This is an argument I am so very tired of having so I decided to prove it. In about 1998, I recall reading a paper co-written with United States Department of Defense and Microsoft, which explained why adding a single character length to a password was far superior to adding complexity requirements. Unfortunately, I cannot find that white-paper, but I can recreated the logic and the mathematic proof:
Complexity VS Length
Password Complexity Requirements Positives:
- These often include using a mix of uppercase letters, lowercase letters, numbers, and special characters
Password Complexity Requirements Negatives:
- Most people use very common number substitutions for letters and often end with !, which hacking algorithms and even brute force guesses work on first
- i.e.
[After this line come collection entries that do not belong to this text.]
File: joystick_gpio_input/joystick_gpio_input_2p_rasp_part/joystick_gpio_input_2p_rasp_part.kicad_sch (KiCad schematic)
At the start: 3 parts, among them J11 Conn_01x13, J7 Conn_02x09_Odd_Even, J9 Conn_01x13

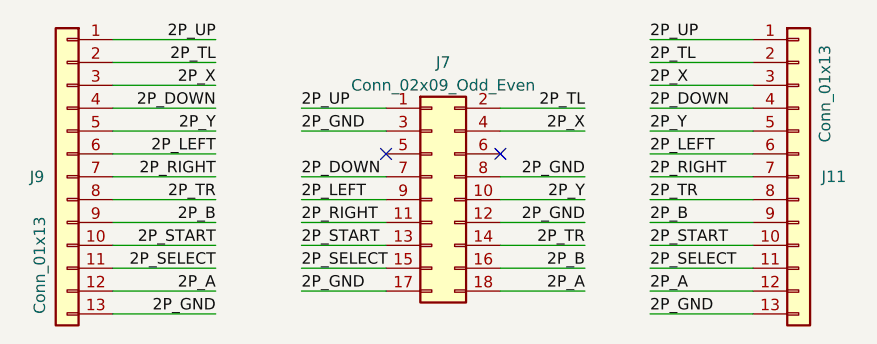
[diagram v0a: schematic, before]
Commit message: joystick gpio 스크린샷 추가
Signed-off-by: Ju, Gyeong-min <jcmh74@gmail.com>
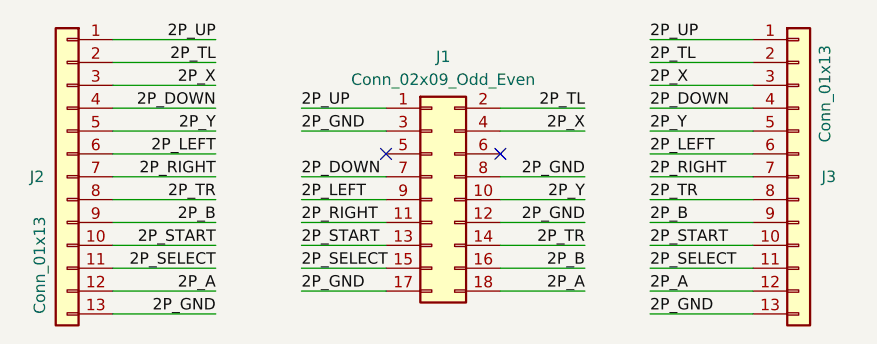
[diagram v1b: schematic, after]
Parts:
- renumbered J7 to J1, J9 to J2, J11 to J3
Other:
- title: Raspberry Pie GPIO Input Module -> Raspberry Pie GPIO Input Module (2P Part)
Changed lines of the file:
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@@
   (paper "A4")
   (title_block
-    (title "Raspberry Pie GPIO Input Module")
-    (date "2023-03-26")
+    (title "Raspberry Pie GPIO Input Module (2P Part)")
+    (date "2023-04-02")
     (rev "2")
     (company "Amos Home")
@@
   (symbol (lib_id "Connector_Generic:Conn_02x09_Odd_Even") (at 141.478 99.695 0) (unit 1)
     (in_bom yes) (on_board yes) (dnp no) (fields_autoplaced)
-    (property "Reference" "J7" (at 142.748 84.455 0)
+    (property "Reference" "J1" (at 142.748 83.82 0)
       (effects (font (size 1.27 1.27)))
     )
-    (property "Value" "Conn_02x09_Odd_Even" (at 142.748 86.995 0)
+    (property "Value" "Conn_02x09_Odd_Even" (at 142.748 86.36 0)
       (effects (font (size 1.27 1.27)))
     )
@@
       (project "joystick_gpio_input_2p_rasp_part"
         (path "/fa38296e-cdcc-4309-9d50-3ec5b62681ed"
-          (reference "J7") (unit 1)
+          (reference "J1") (unit 1)
         )
       )
@@
   (symbol (lib_id "Connector_Generic:Conn_01x13") (at 100.965 97.155 0) (mirror y) (unit 1)
     (in_bom yes) (on_board yes) (dnp no)
-    (property "Reference" "J9" (at 98.425 97.155 0)
+    (property "Reference" "J2" (at 98.425 97.155 0)
       (effects (font (size 1.27 1.27)) (justify left))
     )
@@
       (project "joystick_gpio_input_2p_rasp_part"
         (path "/fa38296e-cdcc-4309-9d50-3ec5b62681ed"
-          (reference "J9") (unit 1)
+          (reference "J2") (unit 1)
         )
       )
@@
   (symbol (lib_id "Connector_Generic:Conn_01x13") (at 182.245 97.155 0) (unit 1)
     (in_bom yes) (on_board yes) (dnp no)
-    (property "Reference" "J11" (at 184.785 97.155 0)
+    (property "Reference" "J3" (at 184.785 97.155 0)
       (effects (font (size 1.27 1.27)) (justify left))
     )
@@
       (project "joystick_gpio_input_2p_rasp_part"
         (path "/fa38296e-cdcc-4309-9d50-3ec5b62681ed"
-          (reference "J11") (unit 1)
+          (reference "J3") (unit 1)
         )
       )

Password becomes Pa$$word, or TooSimple = T00$1mple
- Complexity requirements often force users to:
- write down passwords on easily hackable things like stickit notes
- and / or reuse the same complex passwords on multiple systems, so if Facebook accounts get hacked, an attacker can use the same password with someones X, Twitter or corporate accounts
Password Length Negatives:
- Longer is harder to remember and are more likely to be written down or reused but far less so than complex passwords
Password Length Positives:
- Adding just one more character to a password exponentially increases the number of possible combinations
The Math: Why Length Trumps Complexity
Lets assume a traditional password composed of just 10 character uppercase and lowercase letters (no numbers and no special characters)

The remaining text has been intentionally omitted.